My Lords, I shall speak to these amendments, to which I have added by name. What we are dealing with here is a basic question of fairness. Currently, the law recognises the importance of accompaniment at disciplinary and grievance hearings, yet it narrowly limits who that companion can be. Unless an employee has a supportive colleague or is a trade union member, they face these often-daunting proceedings alone. This creates a two-tier system, as the noble Baroness, Lady Fox, mentioned. How can it be right that two workers in the same workplace facing the same process are given different statutory rights based solely on their union membership?
This is not a hypothetical issue. In reality, 78% of UK workers are not in a trade union, which means most cannot count on the support of a trained companion in these hearings. I have no objection to trade unions; I am not a trade unionist myself, but I reject the idea that statutory rights should be tied to union membership. I have yet to hear a convincing argument and defence of the current system. This is why I support these amendments. Both aim to fix this imbalance in different, practical ways.
Amendment 98 in the name of the noble Lord, Lord Palmer, would widen the scope of acceptable companions. It would empower the Secretary of State to propose certifying bodies—for example, Edapt in the education sector—to approve trained companions, with Parliament having final say through secondary legislation via the affirmative procedure. This approach ensures fairness. Amendment 99 in the name of the noble Baroness, Lady Fox, goes further, removing restrictions altogether and allowing the employee to choose their own companion. This gives power back to workers, who are best placed to decide who can support them.

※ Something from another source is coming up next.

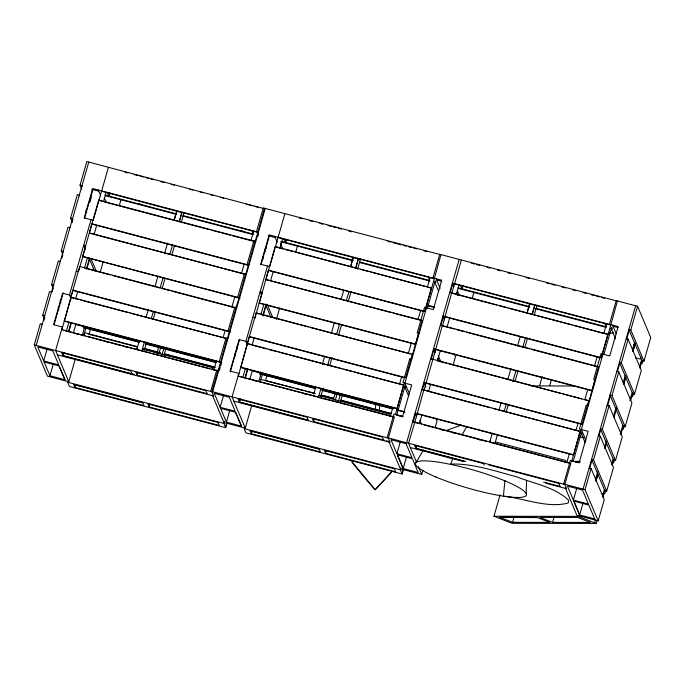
<?xml version="1.0" encoding="UTF-8"?>
<svg xmlns="http://www.w3.org/2000/svg" width="685" height="685" viewBox="0 0 685 685"><rect width="100%" height="100%" fill="white"/><g stroke="black" fill="none" stroke-linecap="round" stroke-linejoin="round"><path stroke-width="1.03" d="M375.517 410.272L375.628 403.867M379.541 410.306L379.627 404.972M526.183 493.577L526.568 480.288M504.982 480.416L503.364 496.146C524.676 498.38 546.673 508.441 568.156 503.064L568.661 500.29C554.713 486.949 534.291 483.884 516.901 476.871C495.246 471.22 473.335 463.394 450.704 464.045L452.579 459.121M634.644 345.343L635.706 345.617L642.033 360.627L643.977 361.141L630.799 329.905L628.856 329.399L635.269 344.581L634.199 344.307L634.644 345.343L632.829 351.67L635.218 343.279M75.23 359.265L68.774 381.759L47.419 376.133L34.25 344.906L40.321 323.74L42.264 324.245M44.011 318.088L42.778 315.16L49.551 291.527L51.495 292.041M53.216 288.411L51.563 284.506L58.345 260.882L60.289 261.387M62.874 254.734L61.222 250.83L68.003 227.197L69.947 227.711M72.25 222.043L70.598 218.138L77.379 194.506L79.314 195.019L79.674 195.867M81.695 189.094L80.042 185.19L86.824 161.557L264.607 208.771M36.194 345.411L88.767 162.071M43.986 320.332L44.799 317.472M52.137 291.887L53.002 288.873M61.796 258.219L62.66 255.197M72.028 222.514L72.901 219.491L72.541 218.652L70.598 218.138M43.686 360.944L37.778 346.935L52.839 350.908L58.747 364.908L43.686 360.944L47.145 348.87M54.098 324.613L63.174 292.923M84.538 218.335L89.452 201.167M89.607 201.21L92.852 189.908M91.028 219.697L69.433 295.029L71.077 298.934M216.323 361.26L213.866 369.832L218.104 370.945L220.561 362.374L64.296 321.179L70.906 297.162L227.334 338.741L235.965 307.702L79.7 266.508L71.368 295.543L62.635 293.24L53.61 324.707L62.344 327.01L55.605 350.532L68.774 381.759M235.965 307.702L239.005 298.035L82.577 256.455L98.726 200.131L254.991 241.325L245.787 274.411L241.548 273.289L244.143 264.23M70.778 298.574L61.838 329.75L218.104 370.945M229.184 331.334L72.918 290.14L70.906 297.162M78.681 271.003L85.685 246.566M248.218 264.958L91.953 223.764L89.358 232.823L245.787 274.411M93.297 220.048L108.341 167.577M49.936 375.765L44.123 361.98L59.184 365.944L64.998 379.738L49.936 375.765L53.404 363.701M66.419 330.958L68.877 322.387M75.65 298.754L77.662 291.733M84.443 268.1L87.32 258.048M94.093 234.424L96.696 225.365M106.141 192.416L103.469 201.732L98.726 200.131M68.449 331.634L71.103 322.378M86.413 268.922L89.358 258.639M68.765 331.942L71.403 322.738M86.935 268.529L89.863 258.305M134.38 374.524L62.9 355.661L63.765 352.647L62.9 355.661L131.811 373.959M109.891 192.982L109.009 196.064L107.742 193.05M73.483 332.593L75.812 324.467L84.546 326.771M100.258 271.971L103.204 261.704M119.284 205.611L121.057 199.446M82.371 335.068L84.118 328.98L83.382 327.233L139.269 341.961M83.673 335.813L85.993 327.713M84.127 335.171L84.555 332.73L137.599 346.713M89.136 333.938L90.574 328.92M74.939 387.41L73.663 384.405L142.677 402.592L143.953 405.606L74.939 387.41L75.804 384.396M136.623 349.47L137.257 347.8M144.501 342.029L141.812 350.831M179.239 221.794L181.842 212.367L257.825 232.403L255.154 241.719M137.959 372.22L137.103 375.226L135.827 372.212L205.911 390.69L207.187 393.704L136.452 375.072M181.431 221.786L184.094 212.538M149.133 406.967L147.866 403.962L217.95 422.44L219.217 425.445L149.133 406.967L149.998 403.953M211.948 369.652L212.521 367.657L142.437 349.179M225.117 330.607L223.096 337.628L224.791 338.073M231.89 306.974L234.775 296.922M250.924 240.598L253.596 231.29M57.403 354.796L213.669 395.99L211.87 391.726L217.941 370.559M220.561 362.374L227.172 338.356M239.005 298.035L245.624 274.017M257.825 232.403L264.444 208.386M212.658 391.777L265.232 208.437M219.354 370.499L220.176 367.648M220.724 365.739L221.546 362.887L221.186 362.04L219.243 361.526L226.024 337.893L227.959 338.407M257.74 236.642L258.545 233.842M220.15 407.301L214.242 393.301L229.304 397.266L235.212 411.274L220.15 407.301L223.61 395.236M230.271 371.998L239.639 339.289M261.011 264.693L265.926 247.533M266.08 247.576L269.607 235.246M267.501 266.063L245.898 341.395L247.542 345.3M223.884 423.416L67.618 382.221L69.416 386.486L225.682 427.68L223.884 423.416L224.466 421.369M241.968 377.084L238.303 376.116L247.371 343.519L403.799 385.107L400.417 384.208M412.593 354.453L256.164 312.874L247.842 341.901L239.099 339.597L230.083 371.073L238.817 373.376L232.069 396.898L245.247 428.125L223.892 422.491L212.367 395.168M254.854 318.397L275.199 246.497L431.627 288.077L427.389 286.964L430.06 277.648M241.06 366.518L249.391 336.498L405.657 377.692L412.43 354.068M259.504 302.179L262.158 292.932M269.65 280.542L265.986 279.574L268.417 270.13L424.683 311.324L431.464 287.691M269.762 266.405L284.806 213.943M226.41 422.131L220.587 408.337L235.649 412.31L241.471 426.104L226.41 422.131L229.869 410.067M225.519 427.294L226.675 423.261M225.682 427.68L227.129 422.645M245.341 368.753L242.884 377.324L262.501 382.495M254.126 338.099L252.114 345.12L266.551 348.922M263.785 304.414L260.908 314.466L298.026 324.253M273.161 271.722L270.566 280.781L315.931 292.743M279.942 248.09L282.605 238.782M244.913 377.992L247.568 368.744M262.877 315.28L266.123 303.977M245.53 377.281L247.867 369.104M263.108 315.913L266.037 305.69M308.284 420.325L239.365 402.026L240.23 399.012M286.364 239.348L285.482 242.43L284.207 239.416M249.948 378.951L252.277 370.833L261.011 373.137M260.591 371.981L260.017 373.984L315.896 388.712M245.247 428.125L251.695 405.623M276.432 319.356L279.668 308.07M295.757 251.977L297.521 245.812M258.836 381.434L260.583 375.337L259.846 373.59L315.734 388.326M260.137 382.17L262.458 374.078M265.6 380.295L267.039 375.286M251.404 433.776L250.136 430.762L319.15 448.958L320.417 451.963L251.404 433.776L252.268 430.754M320.974 388.395L318.354 397.463L337.833 402.352M355.703 268.16L358.306 258.733L434.299 278.769L426.027 307.599M384.328 440.258L313.567 421.583L314.432 418.586M357.596 269.179L360.558 258.904M325.606 453.333L324.33 450.328L394.414 468.797L395.69 471.811L325.606 453.333L326.471 450.319M392.788 407.618L390.33 416.189L350.189 405.606M401.581 376.964L399.569 383.985L354.196 372.032M411.24 343.288L408.354 353.332L410.05 353.785M420.616 310.596L418.013 319.655L393.267 313.131M233.868 401.162L390.133 442.356L388.335 438.092L394.406 416.925L238.303 376.116M240.76 367.545L397.026 408.739L403.636 384.713M259.213 303.207L415.478 344.401L422.088 320.383L265.986 279.574M434.299 278.769L440.909 254.743L263.288 207.923L256.515 231.556L258.45 232.069M395.391 414.451L404.381 383.095M411.12 359.591L418.715 333.098M426.498 307.822L404.895 383.146L409.425 393.884M396.726 415.059L405.169 385.621L405.905 387.367M427.346 308.259L435.198 280.901L435.934 282.648M396.906 453.744L390.998 439.736L406.059 443.709L411.968 457.708L396.906 453.744L400.348 441.722M406.599 442.741L459.173 259.401M415.478 413.851L413.021 422.422L412.67 421.575L570.87 463.283L564.8 484.449L566.606 488.722L545.902 483.259M424.272 383.198L422.26 390.219L421.9 389.371L580.272 431.464M433.93 349.513L431.045 359.565L430.694 358.717L589.057 400.811L585.675 399.92M443.306 316.83L440.703 325.88L440.352 325.041L598.553 366.74L591.943 390.767L435.677 349.573L442.287 325.546M452.751 283.881L450.079 293.197L449.72 292.349L608.092 334.443L604.701 333.552M400.348 469.782L244.083 428.587L245.881 432.851L402.146 474.046L400.348 469.782L400.93 467.735M421.806 415.11L419.348 423.681L414.767 422.474L423.844 389.885L428.587 391.477L430.6 384.456M424.006 390.27L435.677 349.573M455.491 294.216L451.663 292.863L442.45 325.94L447.031 327.147L449.625 318.088M451.826 293.248L461.27 260.3M406.616 456.501L403.157 468.566L418.218 472.539L412.404 458.744L397.343 454.78L403.157 468.566L397.454 454.968M401.984 473.66L403.14 469.627M402.146 474.046L403.302 470.013M440.258 350.771L437.373 360.824L446.654 363.273M459.078 285.14L456.407 294.456L496.616 305.056M465.278 461.425L415.838 448.392L416.703 445.37L415.838 448.392L465.209 461.502M462.829 285.705L461.947 288.787L460.68 285.782M388.832 441.534L400.357 468.857L421.712 474.482L422.868 470.449M435.249 427.277L437.013 421.112L435.78 418.184M453.102 364.994L455.465 356.782L454.224 353.854M472.222 298.335L473.986 292.17M490.195 440.524L489.638 442.459L492.267 433.34M494.818 443.82L497.438 434.752M532.168 314.518L534.771 305.099L610.763 325.127L602.201 354.993M534.36 314.509L537.031 305.27M597.123 520.412L596.258 523.443L512.038 523.314L493.962 516.25L500.118 494.776M539.6 385.783L542.212 376.664M549.695 385.638L551.459 379.473M512.611 522.33L549.807 522.381L537.049 517.398L499.862 517.346L512.611 522.33L514.05 517.303M564.877 462.384L565.459 460.38L495.375 441.902M566.803 462.555L569.261 453.984M576.034 430.351L578.046 423.33M584.827 399.697L587.704 389.645M594.486 366.013L597.08 356.953M606.525 324.014L603.853 333.33L573.953 325.443M552.598 522.39L590.367 522.441L577.618 517.458L539.848 517.406L552.598 522.39L554.328 516.353M417.225 413.903L573.491 455.097L580.109 431.079M588.894 400.425L582.122 424.058L423.912 382.35L425.924 387.128M607.929 334.057L601.156 357.681L442.947 315.982L444.548 319.775M610.763 325.127L617.373 301.109L439.753 254.289L432.98 277.913L441.714 280.216L433.288 309.611L424.554 307.308L417.191 332.97L419.134 333.484M571.581 461.767L580.846 429.461M587.584 405.948L595.179 379.464M602.963 354.179L581.36 429.512L585.889 440.249M573.191 461.425L581.633 431.978L582.37 433.725L580.298 433.185M603.819 354.625L611.662 327.259L612.399 329.005L610.326 328.466M573.371 500.101L567.463 486.093L582.524 490.066L588.432 504.074L573.371 500.101L576.821 488.08M583.063 489.107L635.637 305.767M589.494 468.788L591.951 460.217M599.015 435.583L600.736 429.563M610.395 395.879L607.518 405.931L607.158 405.083L609.102 405.597L622.271 436.825L615.498 460.457L613.554 459.943L600.377 428.716L602.321 429.23L615.498 460.457M617.459 371.244L619.771 363.187M629.215 330.247L626.544 339.554L626.193 338.707L628.128 339.221L641.306 370.448L634.524 394.08L632.589 393.567L619.411 362.339L621.355 362.853L634.524 394.08M565.296 487.891L576.821 515.223L598.176 520.848L585.007 489.621L591.078 468.454L589.134 467.941M593.535 459.875L591.592 459.37L604.761 490.597L606.704 491.111L593.535 459.875L600.308 436.251L598.365 435.737M602.321 429.23L609.102 405.597M611.979 395.545L610.035 395.031L623.213 426.258L625.157 426.772L611.979 395.545L618.76 371.912L616.817 371.398M621.355 362.853L628.128 339.221M630.799 329.905L637.581 306.281L616.226 300.647L609.444 324.279L618.187 326.582L609.753 355.969L601.019 353.666L593.664 379.327L595.599 379.841M583.089 502.867L579.621 514.932L594.683 518.905L588.869 505.11L573.807 501.137L579.621 514.932L573.919 501.334M634.053 344.264L634.644 342.209M632.392 350.634L634.199 344.307L632.469 350.36M595.333 480.014L597.671 471.837M604.41 448.324L606.456 441.174M613.486 416.634L616.115 407.438M623.144 382.906L625.199 375.748M595.77 481.033L597.834 473.84M605.189 448.144L606.662 443.007M614.025 417.319L616.38 409.099M623.444 384.431L625.799 376.211M596.087 480.801L597.834 474.714M623.804 384.157L625.833 377.067M640.895 357.039L640.304 359.094L635.286 357.767M594.614 522.801L595.479 519.769M602.466 496.351L604.375 489.681M611.731 464.045L613.169 459.027M620.233 434.393L622.828 425.342M629.892 400.708L632.204 392.659M639.507 367.16L641.648 359.711M602.851 497.267L604.761 490.597M612.116 464.961L613.554 459.943M620.91 434.299L623.213 426.258M630.568 400.614L632.589 393.567M639.893 368.076L642.033 360.627M605.668 490.614L604.787 493.697L602.654 493.697M613.572 463.043L614.454 459.96M623.23 429.367L624.412 425.257M633.488 393.592L632.606 396.675L630.962 396.033M642.932 360.644L642.05 363.726L640.406 363.084M598.176 520.848L604.247 499.682L591.078 468.454M606.704 491.111L613.477 467.478L600.308 436.251M625.157 426.772L631.93 403.14L618.76 371.912M643.977 361.141L650.75 337.508L637.581 306.281M136.7 349.727L139.338 340.616M146.162 317.001L148.243 309.817M155.067 286.202L158.029 275.935M164.563 253.356L167.534 243.089M151.291 318.542L153.363 311.392M160.144 287.906L163.098 277.699M169.889 254.212L172.543 245.016M179.299 221.657L181.927 212.581L101.56 191.209M144.312 350.163L146.684 341.943M153.217 319.356L155.298 312.163M162.131 288.539L165.094 278.273M171.926 254.649L174.598 245.41M156.891 353.349L158.663 347.218M158.877 353.811L160.658 347.655M161.883 355.215L163.963 348.031M164.006 355.344L165.779 349.213M239.365 402.026L238.097 399.021L307.111 417.208L308.378 420.222L239.365 402.026L240.23 399.047M313.73 394.166L315.802 386.974M322.335 364.394L324.707 356.174M331.232 333.595L334.503 322.301M341.027 299.713L343.699 290.474M355.772 268.023L358.392 258.947L278.033 237.575M327.755 364.908L329.827 357.758M336.618 334.271L339.572 324.056M346.353 300.569L349.016 291.382M320.777 396.529L323.157 388.309M329.69 365.713L332.062 357.501M338.595 334.905L341.567 324.63M348.391 301.015L351.062 291.767M333.355 399.706L335.128 393.575M335.342 400.177L337.123 394.012M338.347 401.581L340.428 394.389M340.471 401.701L342.243 395.579M499.1 409.724L501.172 402.54M507.996 378.925L510.967 368.658M517.5 346.079L520.163 336.84M504.228 411.265L506.292 404.116M512.791 381.656L516.036 370.422M522.826 346.935L525.481 337.748M532.236 314.381L534.865 305.304L454.497 283.933M506.155 412.079L508.236 404.886M515.06 381.271L518.031 370.996M524.864 347.372L527.536 338.133M109.412 195.293L110.011 193.256M285.585 242.67L286.476 239.613M462.05 289.036L462.649 286.998M89.889 202.203L91.396 197.075M416.146 462.332L423.407 450.062M462.058 434.787L466.836 426.567M447.279 430.146L461.416 425.085M601.969 332.996L604.101 332.996M609.427 333.004L613.692 333.013M531.329 385.929L573.97 385.998M579.51 437.347L583.774 437.355M573.696 461.356L580.092 461.365M575.34 461.998L579.604 462.007M575.742 462.349L579.981 462.358M493.962 516.25L578.183 516.379L596.258 523.443M499.862 517.346L537.117 517.595M471.571 263.237L474.662 264.05M476.726 264.59L479.808 265.403M487.026 267.304L490.109 268.118M497.327 270.018L500.41 270.84M507.628 272.741L510.71 273.555M526.166 277.622L529.257 278.444M546.801 283.068L549.892 283.881M551.956 284.421L555.047 285.243M562.265 287.143L565.356 287.957M572.574 289.858L575.665 290.671M582.875 292.572L585.966 293.394M591.121 294.747L594.212 295.56M596.275 296.108L599.366 296.922M601.43 297.47L604.521 298.283M299.225 217.958L302.316 218.772M309.526 220.673L312.617 221.486M319.826 223.387L322.918 224.2M328.064 225.562L331.155 226.375M333.218 226.915L336.309 227.737M338.364 228.276L341.455 229.09M348.665 230.991L351.756 231.804M387.856 241.325L390.947 242.139M393.01 242.678L401.256 244.853M403.319 245.401L406.41 246.215M408.474 246.754L411.565 247.568M413.629 248.116L416.72 248.929M423.929 250.83L427.02 251.643M124.816 172.14L127.907 172.954M134.089 174.581L138.207 175.668M140.271 176.208L143.362 177.03M145.417 177.569L148.508 178.383M150.572 178.931L153.663 179.744M160.872 181.645L163.963 182.458M171.173 184.359L174.264 185.173M189.745 189.257L192.836 190.07M200.054 191.971L203.145 192.785M210.363 194.686L213.455 195.508M220.664 197.408L223.755 198.222M246.437 204.198L252.619 205.825M254.674 206.373L257.774 207.187M610.6 324.741L452.391 283.033L453.958 286.75M434.136 278.375L269.128 234.878L260.702 264.273L269.436 266.576M80.042 185.19L81.986 185.703L82.346 186.551M257.663 232.018L92.663 188.521L84.238 217.907L92.972 220.21M613.084 326.283L618.101 327.61M436.61 279.925L441.637 281.244M268.203 235.683L275.224 237.541M91.73 189.325L98.76 191.175M457.897 287.717L528.897 306.435M536.141 308.344L606.225 326.822M138.815 203.787L141.915 204.609M240.23 230.528L243.338 231.342M281.424 241.36L353.46 260.351M359.676 261.987L429.76 280.465L428.493 277.451M104.959 194.994L175.968 213.711M183.212 215.621L253.296 234.099M458.205 288.359L529.608 307.18M535.816 308.824L606.191 327.37M280.704 241.719L352.107 260.548M359.351 262.458L429.726 281.004M105.267 195.636L176.679 214.456M182.886 216.092L253.253 234.647M255.788 241.377L253.844 240.872L247.071 264.496L249.006 265.009M498.68 305.596L506.934 307.77M508.989 308.318L571.889 324.895M276.278 247.131L283.033 248.912M285.097 249.451L293.343 251.626M295.406 252.166L358.306 268.751M360.37 269.291L368.616 271.466M370.679 272.013L426.361 286.69M104.505 201.998L209.678 229.732M211.742 230.271L219.988 232.446M222.051 232.986L230.297 235.16M232.361 235.708L254.306 241.497M265.3 248.287L266.362 248.569M427.517 305.159L434.761 307.068M428.134 305.878L434.316 307.505M445.053 316.881L600.471 357.853M268.58 270.515L423.998 311.487M92.115 224.158L248.381 265.352M246.412 274.068L244.468 273.555L237.695 297.187L239.63 297.701L239.99 298.549M448.067 327.413L454.249 329.048M456.313 329.588L464.558 331.763M466.622 332.311L529.522 348.888M531.586 349.436L597.868 366.912M317.994 293.283L391.203 312.583M418.86 319.878L420.556 320.323M90.437 233.457L128.121 243.389M130.184 243.937L240.521 273.015M262.081 292.238L260.137 291.724L261.37 294.653M85.616 245.872L83.673 245.358L85.317 249.263M591.78 390.373L433.571 348.665L435.172 352.458M259.05 302.821L415.315 344.016M61.222 250.83L63.166 251.335L63.525 252.183M82.577 256.455L238.842 297.65M236.753 307.753L234.809 307.24L228.036 330.872L229.98 331.386L230.331 332.234M448.718 363.821L561.109 393.447M563.173 393.986L571.418 396.161M573.482 396.709L581.728 398.884M259.076 313.978L256.164 312.874M300.09 324.793L308.336 326.968M310.399 327.516L373.299 344.093M375.363 344.641L407.327 353.066M85.471 268.374L110.216 274.899M112.28 275.438L159.708 287.948M161.771 288.488L170.026 290.663M172.081 291.211L235.28 307.865M588.244 405.503L586.3 404.989L579.416 428.998L588.158 431.302L579.133 462.777L570.399 460.474L563.652 483.987L585.007 489.621M411.779 359.145L409.835 358.632L402.951 382.641L411.685 384.936L402.66 416.411L393.926 414.108L387.188 437.629L564.8 484.449M252.782 317.386L254.726 317.9M76.318 271.02L78.253 271.534M51.563 284.506L53.507 285.02L53.867 285.868M426.019 383.249L581.437 424.22M249.554 336.892L404.124 377.64M73.081 290.526L229.347 331.72M429.615 391.751L490.451 407.789M492.515 408.337L529.633 418.115M531.697 418.663L539.943 420.838M542.006 421.378L579.424 431.242M251.198 344.88L247.371 343.519M268.614 349.47L276.86 351.645M278.923 352.184L287.178 354.359M289.241 354.907L341.824 368.77M343.887 369.309L352.133 371.484M71.985 297.787L78.741 299.568M80.804 300.116L128.241 312.617M130.296 313.165L203.505 332.465M205.569 333.004L213.823 335.179M215.878 335.727L222.068 337.354M573.328 454.712L415.127 413.004L416.728 416.797M240.598 367.151L396.863 408.346M42.778 315.16L44.722 315.674M64.133 320.794L220.399 361.988M321.941 389.962L393.344 408.782M397.488 409.878L404.732 411.788M145.477 343.596L215.844 362.151M322.104 390.347L392.479 408.902M397.651 410.264L404.895 412.173M83.544 327.618L139.432 342.354M145.64 343.99L216.006 362.536M315.091 393.344L261.182 379.481M321.282 394.98L333.655 398.242M340.873 400.143L391.4 413.457M396.555 414.819L402.737 416.454M143.781 348.34L160.281 352.689M164.409 353.777L214.927 367.1M266.362 380.843L282.914 385.21M284.986 385.758L293.266 387.941M295.338 388.481L303.618 390.664M305.681 391.212L314.997 393.669M321.205 395.305L332.593 398.302M340.873 400.485L389.508 413.312M396.752 415.221L402.96 416.857M88.862 334.212L137.497 347.03M143.704 348.665L160.264 353.032M164.4 354.128L170.616 355.763M172.68 356.303L180.96 358.486M183.032 359.034L215.116 367.494M318.902 395.536L388.986 414.014L389.936 416.274M218.729 370.611L216.785 370.097L210.715 391.263L388.335 438.092M423.476 424.777L486.461 441.38M490.426 442.424L494.741 443.563M495.777 443.829L570.185 463.445M264.564 383.035L312.06 395.562M313.096 395.827L317.412 396.966M339.897 402.9L348.126 405.066M391.178 416.411L392.873 416.865M63.671 330.238L74.674 333.141M76.737 333.681L85 335.856M87.064 336.403L150.049 353.006M152.104 353.546L199.455 366.03M201.51 366.578L209.747 368.744M441.226 429.692L444.317 430.505M451.526 432.406L454.617 433.22M477.274 439.196L480.365 440.01M253.424 380.346L256.515 381.16M263.725 383.061L266.816 383.874M302.864 393.378L305.955 394.192M75.924 333.706L79.015 334.52M99.616 339.957L102.707 340.77M104.771 341.31L107.862 342.123M115.071 344.024L118.162 344.846M125.372 346.747L128.463 347.56M34.25 344.906L211.87 391.726M488.765 464.944L558.849 483.413L560.116 486.427L543.625 482.077M386.391 440.806L389.5 441.619M410.341 447.528L463.12 461.433M250.136 430.762L319.073 449.12M73.663 384.405L142.608 402.763M235.46 412.421L241.471 426.104M58.996 366.064L64.998 379.738M612.587 325.11L616.235 333.758M611.097 328.183L615.627 338.921M604.958 323.817L605.908 326.069M581.068 432.903L585.187 442.664M565.459 460.38L566.409 462.632M457.212 290.38L459.275 295.261M456.381 292.486L457.589 295.355M436.114 278.744L440.155 288.325M434.624 281.818L438.742 291.579M438.391 356.012L440.866 361.868M484.218 465.081L483.576 463.574L414.562 445.378L415.838 448.392M437.655 358.358L438.905 361.303M419.948 420.35L421.592 424.255M404.595 386.537L408.714 396.298M414.767 422.474L408.534 443.255L416.771 462.777M412.661 420.667L413.449 422.534M418.415 466.682L421.712 474.482M383.651 440.061L382.384 437.056L312.3 418.578L313.567 421.583M280.336 243.038L282.802 248.895M274.728 236.359L277.194 242.207M264.333 250.093L265.155 252.046M252.029 231.093L252.979 233.345M262.355 256.961L263.186 258.921M267.433 304.919L272.784 317.609M265.489 304.414L270.84 317.095M236.548 346.961L237.378 348.93M234.535 353.982L235.366 355.952M212.521 367.657L213.472 369.909M104.283 197.648L106.338 202.529M98.263 189.993L100.729 195.841M85.89 210.595L86.721 212.564M90.968 258.562L96.32 271.243M89.024 258.048L94.376 270.738M131.914 373.856L130.647 370.85L61.633 352.655L62.9 355.661M60.083 300.604L60.914 302.565M58.071 307.625L58.893 309.586M391.563 471.956A111.321 1.901 -47.2 0 0 375.175 489.724A111.321 27.186 48.8 0 1 351.85 461.733A111.321 2.74 50.3 0 1 375.175 489.724A111.321 6.405 -47.6 0 0 391.64 472.025M176.73 211.211L174.084 220.433L176.739 211.22M353.195 257.577L350.549 266.799L353.212 257.577M529.659 303.934L527.013 313.165L529.676 303.943M435.806 476.965A57.694 9.419 16 0 0 525.737 496A57.694 9.419 16 0 0 451.287 464.533A57.694 9.419 16 0 0 435.806 476.965"/></g></svg>

We return to the core issue of fairness, which seems to have cropped up many times throughout this Bill—not only fairness for workers navigating difficult circumstances but fairness for employers, too, who would benefit from clearer, smoother processes and reduced risk of costly litigation. Ultimately, these are not radical proposals. The amendments are sensible adjustments that reflect the modern workplace and the real choices workers are making. As the Government’s document Next Steps to Make Work Pay rightly states,
“all workers should be able to enjoy fair rights and benefits”.
I hope that the House agrees.
My Lords, I have added my name to Amendment 99 in the name of the noble Baroness, Lady Fox of Buckley, which, to me, smacks of common sense, while also acknowledging that Amendment 98, tabled by the noble Lord, Lord Palmer, is a step in the right direction.
For those of us who have conducted disciplinary and grievance hearings—as an employer, I have conducted my fair share over the years—these are often stressful, time-consuming and sometimes very divisive, not only for the employee but often for the employer, the manager and the other team members who are involved. An officious approach, in which only a trade union official may accompany the worker into the meeting, makes this situation, if anything, more adversarial, more us versus them and, in my view, less likely to lead to a sensible compromise that works for both parties. This is particularly the case for small and micro-businesses in which trade union representation is lower and the worker very often does not have that option. To widen it out to other members, colleagues, friends or even family members, as Amendment 99 states, seems to me a sensible move.